## EXERCISE OBJECTIVE
Reproduce only the stretch of entries below that begins at the first line and ends at the line holding "#3=PRODUCT_CONTEXT('',#1,'mechanical');".

[Entries taken from a collection]
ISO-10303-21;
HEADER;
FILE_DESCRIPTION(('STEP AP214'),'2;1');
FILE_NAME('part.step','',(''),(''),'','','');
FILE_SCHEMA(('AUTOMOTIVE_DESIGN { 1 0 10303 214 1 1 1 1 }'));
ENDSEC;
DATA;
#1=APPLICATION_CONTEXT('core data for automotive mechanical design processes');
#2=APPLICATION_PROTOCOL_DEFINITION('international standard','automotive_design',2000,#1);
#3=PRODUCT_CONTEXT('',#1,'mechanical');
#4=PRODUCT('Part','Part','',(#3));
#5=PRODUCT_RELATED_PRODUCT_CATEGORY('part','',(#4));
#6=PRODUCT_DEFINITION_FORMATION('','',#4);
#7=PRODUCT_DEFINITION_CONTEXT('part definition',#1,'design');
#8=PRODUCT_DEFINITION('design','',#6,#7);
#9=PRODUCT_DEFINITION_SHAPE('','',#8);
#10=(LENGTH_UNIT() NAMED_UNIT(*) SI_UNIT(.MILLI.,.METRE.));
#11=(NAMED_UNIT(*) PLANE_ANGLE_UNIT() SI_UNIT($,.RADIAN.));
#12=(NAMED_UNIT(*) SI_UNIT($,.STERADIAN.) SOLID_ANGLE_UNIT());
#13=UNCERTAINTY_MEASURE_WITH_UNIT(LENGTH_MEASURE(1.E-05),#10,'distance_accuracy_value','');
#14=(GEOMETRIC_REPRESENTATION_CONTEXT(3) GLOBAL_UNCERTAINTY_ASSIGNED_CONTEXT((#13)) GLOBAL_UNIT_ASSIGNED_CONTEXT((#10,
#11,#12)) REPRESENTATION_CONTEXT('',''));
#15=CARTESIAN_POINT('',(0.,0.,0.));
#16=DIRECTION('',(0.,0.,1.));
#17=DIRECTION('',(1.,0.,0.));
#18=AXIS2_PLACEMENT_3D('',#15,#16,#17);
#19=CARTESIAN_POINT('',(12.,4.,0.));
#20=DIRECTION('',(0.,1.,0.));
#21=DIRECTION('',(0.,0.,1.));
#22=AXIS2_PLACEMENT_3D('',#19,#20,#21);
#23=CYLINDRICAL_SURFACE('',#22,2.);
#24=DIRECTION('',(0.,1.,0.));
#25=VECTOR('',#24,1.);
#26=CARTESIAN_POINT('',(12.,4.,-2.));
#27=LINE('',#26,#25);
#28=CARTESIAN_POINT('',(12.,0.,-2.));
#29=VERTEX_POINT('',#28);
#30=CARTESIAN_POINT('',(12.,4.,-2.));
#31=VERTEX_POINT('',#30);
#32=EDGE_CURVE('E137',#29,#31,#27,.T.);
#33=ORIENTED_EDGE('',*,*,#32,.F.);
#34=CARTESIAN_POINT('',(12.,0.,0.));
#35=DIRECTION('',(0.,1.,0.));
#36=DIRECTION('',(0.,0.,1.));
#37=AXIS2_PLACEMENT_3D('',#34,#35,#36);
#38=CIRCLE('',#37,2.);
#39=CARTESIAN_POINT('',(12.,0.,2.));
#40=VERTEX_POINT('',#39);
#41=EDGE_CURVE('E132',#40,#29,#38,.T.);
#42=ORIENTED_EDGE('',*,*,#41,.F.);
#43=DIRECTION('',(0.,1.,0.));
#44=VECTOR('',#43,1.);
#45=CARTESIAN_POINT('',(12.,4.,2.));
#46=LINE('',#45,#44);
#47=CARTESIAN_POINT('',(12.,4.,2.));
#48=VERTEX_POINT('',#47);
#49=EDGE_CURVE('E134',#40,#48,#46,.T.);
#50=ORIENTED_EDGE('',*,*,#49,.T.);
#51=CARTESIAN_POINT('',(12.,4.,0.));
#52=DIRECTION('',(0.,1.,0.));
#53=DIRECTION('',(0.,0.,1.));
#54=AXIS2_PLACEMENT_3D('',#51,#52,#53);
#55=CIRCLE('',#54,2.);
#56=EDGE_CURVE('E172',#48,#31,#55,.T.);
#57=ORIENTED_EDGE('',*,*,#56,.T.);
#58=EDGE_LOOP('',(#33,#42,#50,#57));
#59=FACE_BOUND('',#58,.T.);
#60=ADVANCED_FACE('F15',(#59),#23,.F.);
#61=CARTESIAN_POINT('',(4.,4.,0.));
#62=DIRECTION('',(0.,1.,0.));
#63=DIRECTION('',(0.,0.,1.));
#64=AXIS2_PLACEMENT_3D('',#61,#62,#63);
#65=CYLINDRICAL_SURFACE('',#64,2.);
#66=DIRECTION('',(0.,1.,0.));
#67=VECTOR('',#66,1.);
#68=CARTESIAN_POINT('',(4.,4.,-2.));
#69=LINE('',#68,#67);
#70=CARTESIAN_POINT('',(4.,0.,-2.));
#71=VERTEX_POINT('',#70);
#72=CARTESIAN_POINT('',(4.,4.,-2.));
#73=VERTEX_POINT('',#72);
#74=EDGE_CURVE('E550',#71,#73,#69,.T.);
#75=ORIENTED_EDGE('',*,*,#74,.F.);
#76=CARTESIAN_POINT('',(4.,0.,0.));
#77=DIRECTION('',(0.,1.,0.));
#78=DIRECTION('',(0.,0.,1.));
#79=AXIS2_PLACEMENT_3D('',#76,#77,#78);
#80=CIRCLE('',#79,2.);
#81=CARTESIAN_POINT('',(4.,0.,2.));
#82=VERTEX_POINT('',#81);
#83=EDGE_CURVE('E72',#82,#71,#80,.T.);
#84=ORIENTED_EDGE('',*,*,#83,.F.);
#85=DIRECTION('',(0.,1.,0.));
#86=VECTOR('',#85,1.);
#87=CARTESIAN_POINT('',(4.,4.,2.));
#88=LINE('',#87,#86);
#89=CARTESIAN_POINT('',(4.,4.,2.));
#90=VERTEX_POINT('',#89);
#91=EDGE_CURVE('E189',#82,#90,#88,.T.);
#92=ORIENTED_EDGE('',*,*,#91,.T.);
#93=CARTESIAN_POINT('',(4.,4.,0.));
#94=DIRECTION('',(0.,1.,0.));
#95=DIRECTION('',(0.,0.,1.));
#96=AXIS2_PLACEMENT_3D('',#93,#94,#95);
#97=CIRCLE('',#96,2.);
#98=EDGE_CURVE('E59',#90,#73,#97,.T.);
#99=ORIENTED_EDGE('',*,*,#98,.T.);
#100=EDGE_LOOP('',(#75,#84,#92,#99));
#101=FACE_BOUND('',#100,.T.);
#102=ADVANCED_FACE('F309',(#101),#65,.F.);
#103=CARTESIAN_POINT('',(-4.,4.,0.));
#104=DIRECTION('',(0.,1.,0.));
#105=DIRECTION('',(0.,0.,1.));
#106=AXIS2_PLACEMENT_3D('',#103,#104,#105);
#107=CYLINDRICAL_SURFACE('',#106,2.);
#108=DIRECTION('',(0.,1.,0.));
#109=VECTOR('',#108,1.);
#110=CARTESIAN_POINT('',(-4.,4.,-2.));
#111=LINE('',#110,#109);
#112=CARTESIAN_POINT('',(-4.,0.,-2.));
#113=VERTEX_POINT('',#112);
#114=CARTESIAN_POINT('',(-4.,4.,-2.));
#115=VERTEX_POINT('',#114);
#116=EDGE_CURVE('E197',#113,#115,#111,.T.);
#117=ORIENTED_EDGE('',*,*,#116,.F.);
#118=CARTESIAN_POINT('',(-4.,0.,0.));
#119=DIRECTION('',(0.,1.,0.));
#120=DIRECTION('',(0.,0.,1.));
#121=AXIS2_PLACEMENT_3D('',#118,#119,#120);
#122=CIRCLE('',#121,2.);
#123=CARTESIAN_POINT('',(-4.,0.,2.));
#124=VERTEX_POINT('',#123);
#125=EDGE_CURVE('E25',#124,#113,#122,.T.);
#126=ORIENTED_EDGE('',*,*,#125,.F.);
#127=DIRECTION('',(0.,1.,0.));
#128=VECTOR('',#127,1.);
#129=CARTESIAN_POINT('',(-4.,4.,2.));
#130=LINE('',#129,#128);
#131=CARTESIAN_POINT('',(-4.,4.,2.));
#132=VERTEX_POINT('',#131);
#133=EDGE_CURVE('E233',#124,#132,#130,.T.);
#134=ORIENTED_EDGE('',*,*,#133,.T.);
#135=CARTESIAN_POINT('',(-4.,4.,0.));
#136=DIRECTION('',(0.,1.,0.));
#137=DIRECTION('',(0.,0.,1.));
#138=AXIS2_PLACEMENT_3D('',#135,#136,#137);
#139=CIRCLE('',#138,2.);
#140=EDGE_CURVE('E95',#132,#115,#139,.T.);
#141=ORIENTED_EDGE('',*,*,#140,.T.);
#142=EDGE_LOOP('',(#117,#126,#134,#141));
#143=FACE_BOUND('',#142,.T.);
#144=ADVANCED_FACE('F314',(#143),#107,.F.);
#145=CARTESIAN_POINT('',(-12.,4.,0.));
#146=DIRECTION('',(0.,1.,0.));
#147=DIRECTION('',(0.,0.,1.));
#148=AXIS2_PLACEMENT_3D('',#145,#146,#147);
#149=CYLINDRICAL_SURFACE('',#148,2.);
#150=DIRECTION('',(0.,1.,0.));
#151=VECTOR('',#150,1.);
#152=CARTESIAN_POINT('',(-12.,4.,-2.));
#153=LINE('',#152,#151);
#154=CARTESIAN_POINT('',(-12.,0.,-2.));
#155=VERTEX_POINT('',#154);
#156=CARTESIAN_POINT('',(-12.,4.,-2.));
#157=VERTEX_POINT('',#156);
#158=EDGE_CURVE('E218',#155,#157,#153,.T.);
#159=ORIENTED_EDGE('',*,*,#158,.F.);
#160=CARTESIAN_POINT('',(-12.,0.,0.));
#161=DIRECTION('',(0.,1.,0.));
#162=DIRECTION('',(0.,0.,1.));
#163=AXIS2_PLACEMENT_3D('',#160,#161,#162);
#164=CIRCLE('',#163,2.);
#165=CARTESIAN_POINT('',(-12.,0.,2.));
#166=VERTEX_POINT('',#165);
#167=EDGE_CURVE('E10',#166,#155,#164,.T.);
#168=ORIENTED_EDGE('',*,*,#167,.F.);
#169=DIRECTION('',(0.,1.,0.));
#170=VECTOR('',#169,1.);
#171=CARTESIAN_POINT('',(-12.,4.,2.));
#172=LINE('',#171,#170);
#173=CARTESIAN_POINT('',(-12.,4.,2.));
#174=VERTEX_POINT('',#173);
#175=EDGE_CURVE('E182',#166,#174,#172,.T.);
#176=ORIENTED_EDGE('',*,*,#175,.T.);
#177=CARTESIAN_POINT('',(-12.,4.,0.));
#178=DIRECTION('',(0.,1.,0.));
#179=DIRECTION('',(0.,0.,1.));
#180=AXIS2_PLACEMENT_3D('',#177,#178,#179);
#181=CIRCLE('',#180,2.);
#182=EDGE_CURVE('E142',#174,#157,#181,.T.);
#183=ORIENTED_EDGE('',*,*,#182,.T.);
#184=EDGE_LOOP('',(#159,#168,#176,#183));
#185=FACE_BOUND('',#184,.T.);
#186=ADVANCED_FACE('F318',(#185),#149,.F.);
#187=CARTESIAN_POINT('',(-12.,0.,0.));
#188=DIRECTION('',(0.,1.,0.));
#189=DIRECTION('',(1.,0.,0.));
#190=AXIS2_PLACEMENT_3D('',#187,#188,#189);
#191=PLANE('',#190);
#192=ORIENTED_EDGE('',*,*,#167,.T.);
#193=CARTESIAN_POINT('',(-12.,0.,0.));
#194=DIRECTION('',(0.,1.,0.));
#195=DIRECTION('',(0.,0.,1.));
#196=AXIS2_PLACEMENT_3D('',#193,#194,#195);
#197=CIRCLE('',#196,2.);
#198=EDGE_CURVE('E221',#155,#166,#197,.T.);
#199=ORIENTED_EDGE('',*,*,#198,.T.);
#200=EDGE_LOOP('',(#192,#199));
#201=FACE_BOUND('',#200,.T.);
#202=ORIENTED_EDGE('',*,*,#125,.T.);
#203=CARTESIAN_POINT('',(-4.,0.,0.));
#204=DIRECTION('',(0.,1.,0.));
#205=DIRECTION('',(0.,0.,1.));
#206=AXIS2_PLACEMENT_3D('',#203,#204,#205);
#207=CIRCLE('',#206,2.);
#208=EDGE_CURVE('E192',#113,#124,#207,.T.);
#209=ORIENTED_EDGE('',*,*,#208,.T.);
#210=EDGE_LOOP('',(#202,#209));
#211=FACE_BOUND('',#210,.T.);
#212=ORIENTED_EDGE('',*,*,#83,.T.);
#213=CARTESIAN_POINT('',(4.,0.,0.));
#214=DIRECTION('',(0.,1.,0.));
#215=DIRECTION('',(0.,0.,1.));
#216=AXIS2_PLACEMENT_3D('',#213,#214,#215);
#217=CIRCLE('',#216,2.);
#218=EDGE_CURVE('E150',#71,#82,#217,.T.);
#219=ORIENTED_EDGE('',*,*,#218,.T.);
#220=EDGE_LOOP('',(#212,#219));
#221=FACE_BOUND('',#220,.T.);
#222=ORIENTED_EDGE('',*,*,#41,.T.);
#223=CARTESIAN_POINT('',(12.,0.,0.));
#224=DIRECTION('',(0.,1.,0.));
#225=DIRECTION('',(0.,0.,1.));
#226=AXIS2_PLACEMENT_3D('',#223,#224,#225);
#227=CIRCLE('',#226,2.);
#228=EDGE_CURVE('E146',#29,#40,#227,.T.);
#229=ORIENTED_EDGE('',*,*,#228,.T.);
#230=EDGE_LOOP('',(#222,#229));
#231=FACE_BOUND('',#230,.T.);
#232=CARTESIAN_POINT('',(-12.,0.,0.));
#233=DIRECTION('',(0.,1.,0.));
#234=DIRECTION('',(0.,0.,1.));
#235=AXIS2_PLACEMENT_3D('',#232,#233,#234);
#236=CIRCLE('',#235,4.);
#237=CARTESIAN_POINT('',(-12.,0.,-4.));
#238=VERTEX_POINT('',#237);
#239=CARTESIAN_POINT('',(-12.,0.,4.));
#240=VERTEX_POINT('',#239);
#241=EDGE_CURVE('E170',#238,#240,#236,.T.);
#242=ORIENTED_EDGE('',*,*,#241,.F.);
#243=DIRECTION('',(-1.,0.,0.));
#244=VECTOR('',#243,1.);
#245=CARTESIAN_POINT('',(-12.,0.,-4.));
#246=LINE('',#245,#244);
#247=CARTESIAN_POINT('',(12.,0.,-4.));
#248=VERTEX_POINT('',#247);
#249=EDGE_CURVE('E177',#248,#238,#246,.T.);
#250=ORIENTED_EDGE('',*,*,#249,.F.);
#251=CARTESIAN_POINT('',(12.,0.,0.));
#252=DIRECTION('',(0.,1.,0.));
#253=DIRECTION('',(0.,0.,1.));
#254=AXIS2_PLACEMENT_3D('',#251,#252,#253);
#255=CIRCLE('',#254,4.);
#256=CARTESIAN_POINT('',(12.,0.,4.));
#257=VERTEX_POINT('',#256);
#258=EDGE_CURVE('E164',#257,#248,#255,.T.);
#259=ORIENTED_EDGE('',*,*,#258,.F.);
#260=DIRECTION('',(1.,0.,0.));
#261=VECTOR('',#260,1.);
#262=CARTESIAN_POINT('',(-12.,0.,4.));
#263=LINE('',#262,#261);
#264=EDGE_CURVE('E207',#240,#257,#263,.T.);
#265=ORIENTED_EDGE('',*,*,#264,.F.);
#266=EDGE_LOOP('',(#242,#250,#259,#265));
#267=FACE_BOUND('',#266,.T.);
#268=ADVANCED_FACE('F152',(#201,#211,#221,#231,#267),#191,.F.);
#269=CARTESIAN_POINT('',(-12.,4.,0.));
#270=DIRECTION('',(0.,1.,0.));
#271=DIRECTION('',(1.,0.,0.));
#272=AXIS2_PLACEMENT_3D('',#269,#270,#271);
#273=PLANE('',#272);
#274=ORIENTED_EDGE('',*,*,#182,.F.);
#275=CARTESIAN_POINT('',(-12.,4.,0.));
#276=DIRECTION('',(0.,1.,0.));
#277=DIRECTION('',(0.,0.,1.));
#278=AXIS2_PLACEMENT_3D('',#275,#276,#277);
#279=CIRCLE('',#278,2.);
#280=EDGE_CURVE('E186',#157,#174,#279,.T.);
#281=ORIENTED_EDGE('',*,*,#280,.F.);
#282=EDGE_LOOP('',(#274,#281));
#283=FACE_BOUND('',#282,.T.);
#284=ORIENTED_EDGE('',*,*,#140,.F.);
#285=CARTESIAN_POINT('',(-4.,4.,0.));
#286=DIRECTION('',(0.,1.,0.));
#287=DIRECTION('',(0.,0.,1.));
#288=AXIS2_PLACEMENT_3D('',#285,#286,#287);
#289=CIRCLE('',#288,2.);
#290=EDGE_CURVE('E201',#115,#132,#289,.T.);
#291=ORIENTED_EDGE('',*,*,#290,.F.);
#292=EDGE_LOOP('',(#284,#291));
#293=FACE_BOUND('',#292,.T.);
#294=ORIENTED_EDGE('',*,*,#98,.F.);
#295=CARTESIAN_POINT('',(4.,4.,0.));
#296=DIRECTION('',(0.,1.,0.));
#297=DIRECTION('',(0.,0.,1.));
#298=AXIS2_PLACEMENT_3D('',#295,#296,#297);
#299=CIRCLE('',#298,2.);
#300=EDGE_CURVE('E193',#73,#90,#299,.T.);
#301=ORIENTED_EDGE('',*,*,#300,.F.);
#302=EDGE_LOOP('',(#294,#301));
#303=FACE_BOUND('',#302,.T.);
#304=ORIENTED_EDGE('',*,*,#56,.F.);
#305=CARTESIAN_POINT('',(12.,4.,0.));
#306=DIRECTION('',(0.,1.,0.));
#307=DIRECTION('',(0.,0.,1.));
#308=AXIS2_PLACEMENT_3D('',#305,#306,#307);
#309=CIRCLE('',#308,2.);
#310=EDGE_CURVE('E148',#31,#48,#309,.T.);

## TASK OUTPUT
ISO-10303-21;
HEADER;
FILE_DESCRIPTION(('STEP AP214'),'2;1');
FILE_NAME('part.step','',(''),(''),'','','');
FILE_SCHEMA(('AUTOMOTIVE_DESIGN { 1 0 10303 214 1 1 1 1 }'));
ENDSEC;
DATA;
#1=APPLICATION_CONTEXT('core data for automotive mechanical design processes');
#2=APPLICATION_PROTOCOL_DEFINITION('international standard','automotive_design',2000,#1);
#3=PRODUCT_CONTEXT('',#1,'mechanical');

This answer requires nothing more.